# ACTION ITEM:
In your copy, include every record exactly and no pictures.

# DATA FOR REVIEW:

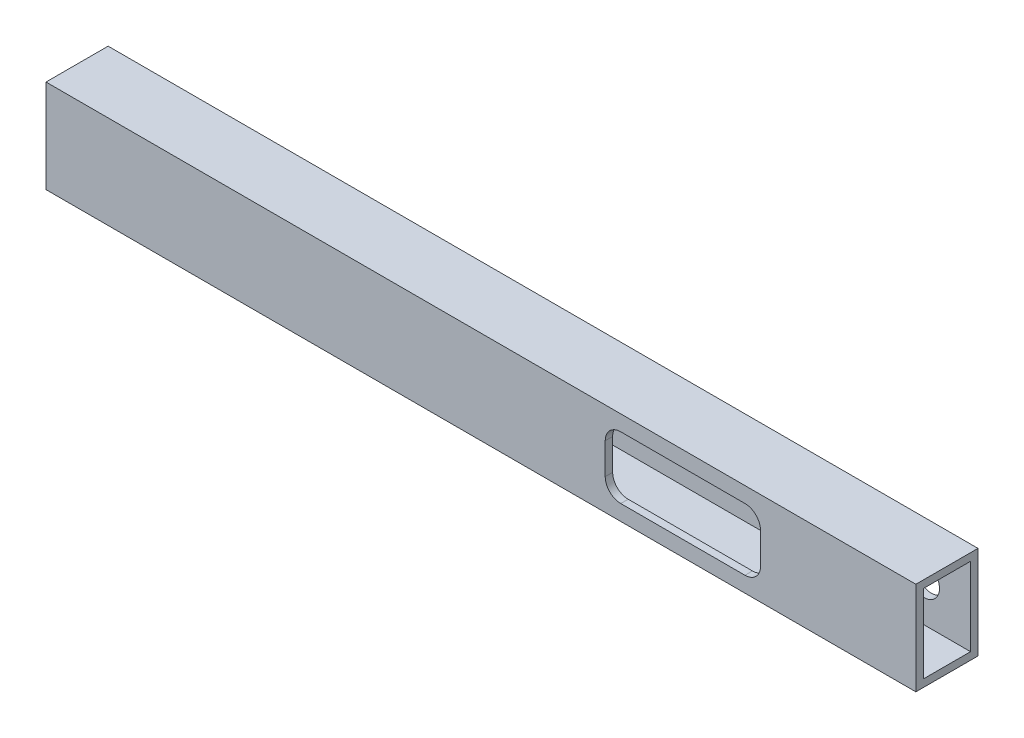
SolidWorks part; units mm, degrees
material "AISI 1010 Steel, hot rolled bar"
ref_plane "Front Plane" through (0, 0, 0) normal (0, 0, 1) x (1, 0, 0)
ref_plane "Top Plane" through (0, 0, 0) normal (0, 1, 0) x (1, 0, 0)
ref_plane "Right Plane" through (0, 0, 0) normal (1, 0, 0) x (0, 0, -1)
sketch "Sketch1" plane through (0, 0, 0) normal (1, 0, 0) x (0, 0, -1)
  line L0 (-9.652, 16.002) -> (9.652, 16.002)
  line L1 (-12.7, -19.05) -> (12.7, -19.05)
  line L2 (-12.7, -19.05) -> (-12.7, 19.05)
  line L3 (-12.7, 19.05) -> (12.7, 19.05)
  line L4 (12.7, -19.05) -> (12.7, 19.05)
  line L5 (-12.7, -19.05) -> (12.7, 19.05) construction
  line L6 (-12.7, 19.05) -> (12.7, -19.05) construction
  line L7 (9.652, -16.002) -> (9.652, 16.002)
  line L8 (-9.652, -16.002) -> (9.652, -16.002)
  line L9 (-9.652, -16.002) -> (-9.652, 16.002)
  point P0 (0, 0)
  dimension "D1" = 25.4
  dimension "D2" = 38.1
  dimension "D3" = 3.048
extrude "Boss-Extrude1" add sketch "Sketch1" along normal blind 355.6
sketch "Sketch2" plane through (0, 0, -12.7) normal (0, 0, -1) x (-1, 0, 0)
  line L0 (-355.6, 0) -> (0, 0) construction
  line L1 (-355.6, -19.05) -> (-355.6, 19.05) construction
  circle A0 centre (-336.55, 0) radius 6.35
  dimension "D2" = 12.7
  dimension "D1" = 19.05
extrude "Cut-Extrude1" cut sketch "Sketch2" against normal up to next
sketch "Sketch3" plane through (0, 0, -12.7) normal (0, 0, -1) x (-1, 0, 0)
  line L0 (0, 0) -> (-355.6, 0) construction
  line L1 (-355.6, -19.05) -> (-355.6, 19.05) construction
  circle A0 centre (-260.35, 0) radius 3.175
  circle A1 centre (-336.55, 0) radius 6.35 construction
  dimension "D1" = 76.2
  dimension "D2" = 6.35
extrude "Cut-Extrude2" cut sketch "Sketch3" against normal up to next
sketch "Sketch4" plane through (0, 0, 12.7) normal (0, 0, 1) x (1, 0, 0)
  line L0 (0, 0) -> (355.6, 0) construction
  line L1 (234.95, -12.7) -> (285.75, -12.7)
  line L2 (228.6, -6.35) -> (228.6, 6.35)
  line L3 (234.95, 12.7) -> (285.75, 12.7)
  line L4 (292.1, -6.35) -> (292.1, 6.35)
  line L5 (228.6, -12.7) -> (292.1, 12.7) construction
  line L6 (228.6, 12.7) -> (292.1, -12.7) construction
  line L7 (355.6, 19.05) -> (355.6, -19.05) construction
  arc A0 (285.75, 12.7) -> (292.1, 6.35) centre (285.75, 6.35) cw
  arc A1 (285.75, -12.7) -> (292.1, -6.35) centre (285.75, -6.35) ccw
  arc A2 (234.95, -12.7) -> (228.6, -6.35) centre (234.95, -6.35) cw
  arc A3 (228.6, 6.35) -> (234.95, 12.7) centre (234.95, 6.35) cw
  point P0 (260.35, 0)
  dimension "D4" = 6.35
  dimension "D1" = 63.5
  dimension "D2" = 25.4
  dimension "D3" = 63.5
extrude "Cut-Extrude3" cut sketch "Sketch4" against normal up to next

# WRITTEN REPLY:
SolidWorks part; units mm, degrees
material "AISI 1010 Steel, hot rolled bar"
ref_plane "Front Plane" through (0, 0, 0) normal (0, 0, 1) x (1, 0, 0)
ref_plane "Top Plane" through (0, 0, 0) normal (0, 1, 0) x (1, 0, 0)
ref_plane "Right Plane" through (0, 0, 0) normal (1, 0, 0) x (0, 0, -1)
sketch "Sketch1" plane through (0, 0, 0) normal (1, 0, 0) x (0, 0, -1)
  line L0 (-9.652, 16.002) -> (9.652, 16.002)
  line L1 (-12.7, -19.05) -> (12.7, -19.05)
  line L2 (-12.7, -19.05) -> (-12.7, 19.05)
  line L3 (-12.7, 19.05) -> (12.7, 19.05)
  line L4 (12.7, -19.05) -> (12.7, 19.05)
  line L5 (-12.7, -19.05) -> (12.7, 19.05) construction
  line L6 (-12.7, 19.05) -> (12.7, -19.05) construction
  line L7 (9.652, -16.002) -> (9.652, 16.002)
  line L8 (-9.652, -16.002) -> (9.652, -16.002)
  line L9 (-9.652, -16.002) -> (-9.652, 16.002)
  point P0 (0, 0)
  dimension "D1" = 25.4
  dimension "D2" = 38.1
  dimension "D3" = 3.048
extrude "Boss-Extrude1" add sketch "Sketch1" along normal blind 355.6
sketch "Sketch2" plane through (0, 0, -12.7) normal (0, 0, -1) x (-1, 0, 0)
  line L0 (-355.6, 0) -> (0, 0) construction
  line L1 (-355.6, -19.05) -> (-355.6, 19.05) construction
  circle A0 centre (-336.55, 0) radius 6.35
  dimension "D2" = 12.7
  dimension "D1" = 19.05
extrude "Cut-Extrude1" cut sketch "Sketch2" against normal up to next
sketch "Sketch3" plane through (0, 0, -12.7) normal (0, 0, -1) x (-1, 0, 0)
  line L0 (0, 0) -> (-355.6, 0) construction
  line L1 (-355.6, -19.05) -> (-355.6, 19.05) construction
  circle A0 centre (-260.35, 0) radius 3.175
  circle A1 centre (-336.55, 0) radius 6.35 construction
  dimension "D1" = 76.2
  dimension "D2" = 6.35
extrude "Cut-Extrude2" cut sketch "Sketch3" against normal up to next
sketch "Sketch4" plane through (0, 0, 12.7) normal (0, 0, 1) x (1, 0, 0)
  line L0 (0, 0) -> (355.6, 0) construction
  line L1 (234.95, -12.7) -> (285.75, -12.7)
  line L2 (228.6, -6.35) -> (228.6, 6.35)
  line L3 (234.95, 12.7) -> (285.75, 12.7)
  line L4 (292.1, -6.35) -> (292.1, 6.35)
  line L5 (228.6, -12.7) -> (292.1, 12.7) construction
  line L6 (228.6, 12.7) -> (292.1, -12.7) construction
  line L7 (355.6, 19.05) -> (355.6, -19.05) construction
  arc A0 (285.75, 12.7) -> (292.1, 6.35) centre (285.75, 6.35) cw
  arc A1 (285.75, -12.7) -> (292.1, -6.35) centre (285.75, -6.35) ccw
  arc A2 (234.95, -12.7) -> (228.6, -6.35) centre (234.95, -6.35) cw
  arc A3 (228.6, 6.35) -> (234.95, 12.7) centre (234.95, 6.35) cw
  point P0 (260.35, 0)
  dimension "D4" = 6.35
  dimension "D1" = 63.5
  dimension "D2" = 25.4
  dimension "D3" = 63.5
extrude "Cut-Extrude3" cut sketch "Sketch4" against normal up to next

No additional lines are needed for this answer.